Tree of Thought (ToT)
A reasoning architecture that explores multiple candidate reasoning paths as a search tree — generating several next thoughts at each step, scoring them, and backtracking from dead ends.
Why it matters
CoT commits to one linear chain; if an early step is wrong, the whole answer is wrong with no recovery. ToT treats reasoning as search over a tree of partial solutions, so the model can branch, evaluate, prune bad branches, and backtracking — turning a one-shot guess into a deliberate look-ahead. On tasks needing exploration (Game of 24, puzzles, planning), the original paper reports ToT solving 74% of Game-of-24 cases versus ~4% for CoT. The cost is many more LLM calls, so it’s reserved for hard problems where a single chain reliably fails.
How it works
Four pluggable components, run as a tree search:
| Component | Job |
|---|---|
| Thought generator | propose k next steps from a node |
| State evaluator | score each node (LLM rates “sure/maybe/no” or a value) |
| Search strategy | BFS or DFS over the frontier |
| Pruning | drop low-scored branches; keep top-b (beam) |
The loop, in prose: from the current partial solution, generate k candidate next thoughts; evaluate each (have the model judge how promising it is); keep the best b (the beam width); expand those next. DFS dives deep and backtracking on a dead end; BFS keeps a frontier of the b best states per depth. Search ends at a complete solution or a depth limit. Total cost scales with branching: roughly b × depth × (generate + evaluate) calls — easily 50–100× a single CoT pass.
Example
Game of 24 with inputs 4, 9, 10, 13 (combine to make 24):
root: {4,9,10,13}
├─ 13-9=4 -> {4,4,10} eval: maybe
│ └─ 10-4=6 -> {4,6} -> 4*6=24 ✓ SOLVED
├─ 10-4=6 -> {6,9,13} eval: no (pruned)
└─ 4+9=13 -> {10,13,13} eval: no (pruned)

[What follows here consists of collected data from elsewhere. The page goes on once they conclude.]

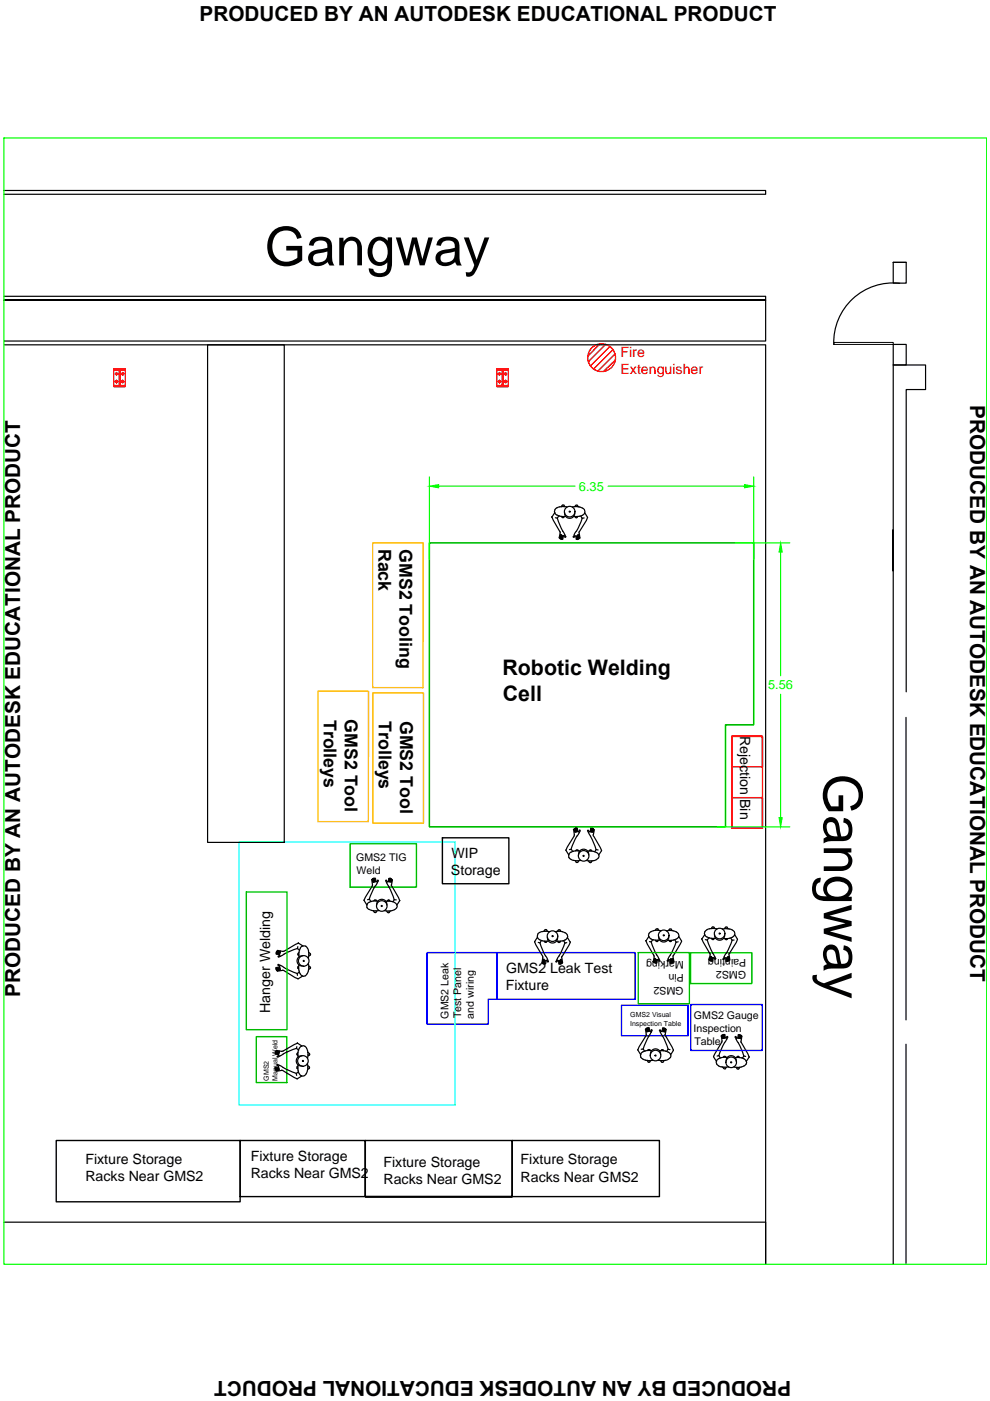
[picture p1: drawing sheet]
<svg xmlns="http://www.w3.org/2000/svg" width="210mm" height="297mm" viewBox="0 0 210 297" stroke-linecap="round" stroke-linejoin="round" font-family="sans-serif">
<!-- layer: Machine Layout -->
<path d="M90.5 202h44.1v9.8h-29.2v-9.8v9.8h-1.9v5.3h-13zM131.8 213.1h14.1v6.5h-14.1zM146.5 213h15.1v9.7h-15.1z" fill="none" stroke="#00f" stroke-width=".3"/>
<path d="M50.7 178.5h45.8v55.8h-45.8z" fill="none" stroke="#0ff" stroke-width=".3"/>
<!-- layer: Construction Layout -->
<path d="M.8 40.4h161.5v.8h-161.5M.8 62.8h161.5v.8h-161.5h161.5v8.7h-161.5M189.3 112.4v8.6M189.4 112.4v8.6" fill="none" stroke="#000" stroke-width=".25"/>
<!-- layer: S- COLUMN -->
<g fill="none" stroke="#f00" stroke-width=".25">
<path d="M24.1 78.2h2.5v3.8h-2.5zM24.3 78.4h2.1v.1h-2.1zM24.4 79.3h.6M24.7 79v.6M25.3 78.5v3.2M25.5 78.5v3.2M25.7 79.3h.6M26 79v.6M105.4 78.2h2.4v3.8h-2.4zM105.5 78.4h2.1v.1h-2.1zM105.6 79.3h.6M105.9 79v.6"/>
<path d="M106.5 78.5v3.2M106.7 78.5v3.2M106.9 79.3h.6M107.2 79v.6M24.3 81.7h2.1v.1h-2.1zM24.4 80.9h.6M24.7 80.6v.6M25.7 80.9h.6M26 80.6v.6M105.5 81.7h2.1v.1h-2.1zM105.6 80.9h.6M105.9 80.6v.6"/>
<path d="M106.9 80.9h.6M107.2 80.6v.6"/>
<circle cx="24.7" cy="79.3" r=".23"/>
<circle cx="26" cy="79.3" r=".23"/>
<circle cx="105.9" cy="79.3" r=".23"/>
<circle cx="107.2" cy="79.3" r=".23"/>
<circle cx="24.7" cy="80.9" r=".23"/>
<circle cx="26" cy="80.9" r=".23"/>
<circle cx="105.9" cy="80.9" r=".23"/>
<circle cx="107.2" cy="80.9" r=".23"/>
</g>
<!-- layer: Machine Layout -->
<path d="M93.8 177.6h14.1v9.8h-14.1zM11.9 241.8h39v13h-39zM50.9 241.8h26.6v11.9h31.1v-11.9h-31.1v11.9h31.1v-11.9h31.2v11.9h-88.9z" fill="none" stroke="#000" stroke-width=".3"/>
<g fill="none" stroke="#000" stroke-width=".25">
<path d="M.8 73.1h161.5v195v-9h-161.5M44 73.1h16.3v105.5h-16.3zM117 109.6h.1M117 109.6l1.7 3.1M117.6 108.7l-.6 .9M117.6 108.8l.5 .4M117.7 108.1l-.2 .4 .2 .3M118.1 109.2l.6 .2M118.2 109.8l1.1 2.8M118.5 109.3l-.3 .6-.4-.1M118.6 109.4l1.3 .1M118.7 107.5l-.6 .2-.4 .3"/>
<path d="M118.7 107.5h1.5M118.7 112.7l-.1 1.3h.2M118.7 114.2h.2M118.8 114.2l.1-.7-.1 .7M118.9 113.5h.1M118.9 113.5l-.1 .5M118.9 114.2l.1 .1 .1-.1M118.9 114.2l.2-.7-.2 .7M119 107.4h.1M119 109.5l.2 .2M119.1 113.5h.1M119.2 107.1l-.2 .3"/>
<path d="M119.2 107.1a.35 .35 0 0 1 .6 .3M119.3 113.6l-.1 .7zM119.3 112.6l.4 .8M119.6 109.5l-.2 .3-.2-.1M119.7 113.6h-.2l-.2 .7h-.2M119.7 113.6l.1 .3M119.7 108.7a1.08 1.08 0 0 0 1.1 1.2 1.08 1.08 0 0 0 1.1-1.2M119.8 113.4l.2 .4M119.9 113.8v.1l-.1-.1M120.2 107.5h.1M121.4 107.5l1.3-.1 .8 .3 .4 .4M121.8 113.4l-.2 .4"/>
<path d="M121.8 113.6l.2 .1M121.9 113.7l-.2 .2-.2-.1M121.9 109.5l.3 .3 .2-.1M122.1 113.7l.1 .6M122.2 112.6l-.5 .8M122.2 113.6l.2 .7M122.3 113.6l.1 .7M122.4 114.3h-.2M122.5 113.6h.1M122.5 113.6l.1 .7-.1-.7M122.5 109.5l-.2 .2M122.6 107.5h.1"/>
<path d="M122.6 114.2l-.1 .2-.1-.1M122.6 107.4a.34 .34 0 0 0-.3-.3 .34 .34 0 0 0-.4 .2v.2M122.7 113.5h.1M122.7 113.5l.1 .7-.1-.7 .1 .6M122.7 114.2l-.1 .1M122.8 113l.2 1.1h-.2M122.8 112.7v.3M123.1 109.4l.3 .5M123.4 109.9l-1.2 2.7M123.9 109.8l-.5 .1M123.9 108.2a1.12 1.12 0 0 1-1.2 1.3h-1M124 108.7l.6 1-1.8 3"/>
<path d="M121.7 177.2l-1.7 3.1 .6 1M121.8 175.7l.1 .7-.1-.7M121.9 176.4l-.2-.6v1.4M121.9 176.4h.1M122.1 176.4l-.1-.7 .1 .7M122.1 176.4h.1M122.2 175.7l-.2-.1-.2 .1M122.2 175.7l.1 .7M122.4 175.6h-.2M122.4 175.6l.1 .7 .3-.2M122.8 176.1l.1-.1 .1 .1M122.8 176.5l-1 1.6-.7 1.9"/>
<path d="M123 176.2l-.2 .4M124.6 176.2l.1-.2 .2 .3M124.6 176.2l1.1 2 .7 1.9M125.1 176.3h-.2M125.2 175.6l.2 .1M125.3 175.7l-.2 .6M125.3 176.4h.1M125.4 175.7l-.1 .7M125.4 175.7l.1-.1 .1 .1M125.5 176.4h.1M125.6 175.7l.2 .1M125.6 175.7l-.1 .7"/>
<path d="M125.7 176.4h.1M125.8 175.9h.2M125.8 175.8l-.1 .6 .1-.6M125.8 175.9l-.1 .6M125.9 177.3l1.6 3-.6 1M126 175.9l-.2 1.4M63.2 199.9l.1 .1M63.2 200l-3 1.7h-.3M63.3 200l.9 .6M77.2 190.9l.6 1M77.8 192.4l.4 .4M77.9 191.7l-.1 .4v.3"/>
<path d="M77.9 190.8l.4-.1 .3 .5M78.3 192.8l.5 .2M78.8 186.5h.2l.1 .5-.1-.6 .1 .6M78.8 193l1.6 .1M78.8 186.5l.1 1.3-1.7 3.1M79.1 187h.1M79.2 193.1h.1M79.2 193.1l.2 .3M79.2 186.3h-.2M79.3 187h.1M79.3 187l-.1-.7 .1 .7M79.4 186.3l-.2-.1v.1"/>
<path d="M79.4 193.4l.3 .1M79.5 187.9l-1.2 2.8M79.6 186.2l-.2 .1 .1 .7-.1-.7M79.6 186.3l.1 .6M79.7 186.9h.2M79.7 190.9l.2 .1M79.7 190.8h-.3l-.2 .2M79.9 191.9a1.08 1.08 0 0 1 1.1-1.2 1.08 1.08 0 0 1 1 1.2M79.9 193.1l-.2 .3M80 186.7l.1-.1 .1 .2M80 186.7l-.1 .2M80.1 191h-.8a2.11 2.11 0 0 0-1.5 .7"/>
<path d="M80.2 186.8l-.6 1.1M81.5 193l1.6 .1M81.8 186.8l.2 .4M81.8 191.1h1.3M82 193.1l.2 .3M82 186.7l-.2-.1v.2M82 186.7l.1 .2M82 187.2l.4 .7M82.2 190.9l-.1 .2M82.2 190.9l.2-.1 .3 .3M82.3 186.9h-.2M82.4 187.9l1.2 2.8"/>
<path d="M82.4 186.3h.2M82.5 186.3l-.2 .6M82.6 186.3l-.1 .7zM82.6 186.3l.1-.1 .1 .1M82.7 187h.1M82.7 193.1a.37 .37 0 0 1-.5 .4M82.7 193.1h.1M82.8 186.4h.2M82.8 186.4l-.1 .6 .1-.6M82.9 187.1h.1M83 187.6v.3M83 186.5l.2 .1"/>
<path d="M83 186.4l-.1 .7 .1-.7M83 186.5l-.1 .6M83.1 191.1a1.13 1.13 0 0 1 1 1.4M83.1 187.9l1.4 2.4 .2 .7M83.2 186.6l-.2 1M83.6 192.9l-.5 .2M84 190.8h-.4l-.3 .4M84.1 192.5l-.5 .4M84.7 191l-.6 .9M113.9 198.7l-.5 1 1.6 3-.1 1.3M114 198.9l.4 .3M114 198.1v.7"/>
<path d="M114.1 199.8l.4 .1M114.4 199.2l.8 .3h1M114.5 199.9l1.2 2.8M114.8 199.4l-.3 .5M115.3 197.4h.1M115.4 199.5l.1 .2M115.9 197.2l.2 .3M115.9 197.1a.39 .39 0 0 0-.6 .4M116 199.5l-.3 .3-.2-.1M116.1 198.7a1.08 1.08 0 0 0 1 1.2 1.08 1.08 0 0 0 1.1-1.2M116.5 197.5h-.5a2.2 2.2 0 0 0-2 .6M116.5 197.5h.1"/>
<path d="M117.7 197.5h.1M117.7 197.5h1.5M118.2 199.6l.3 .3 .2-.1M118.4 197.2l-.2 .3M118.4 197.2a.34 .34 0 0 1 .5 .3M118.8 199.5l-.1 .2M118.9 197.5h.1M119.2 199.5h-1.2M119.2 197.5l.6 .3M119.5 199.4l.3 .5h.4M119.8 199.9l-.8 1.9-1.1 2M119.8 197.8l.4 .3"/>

The evaluator kills the two weak branches early; the search spends its budget on the promising {4,4,10} line and finds (13-9) then (10-4)·4 = 24.
Pitfalls
- Cost explosion. Branching factor × depth multiplies calls fast; cap beam width and depth or a single question costs dollars and minutes.
- Weak evaluator = blind search. If the LLM can’t reliably score partial states, pruning is random and ToT degrades to expensive guessing — validate the evaluator first.
- Wrong tool for the job. ToT shines only when problems decompose into checkable intermediate states; for retrieval-style tasks, ReAct grounding beats deeper internal search.
- Confusing ToT with multi-sample. Self-consistency (sample N chains, majority-vote) is not ToT — it has no per-state evaluation or backtracking.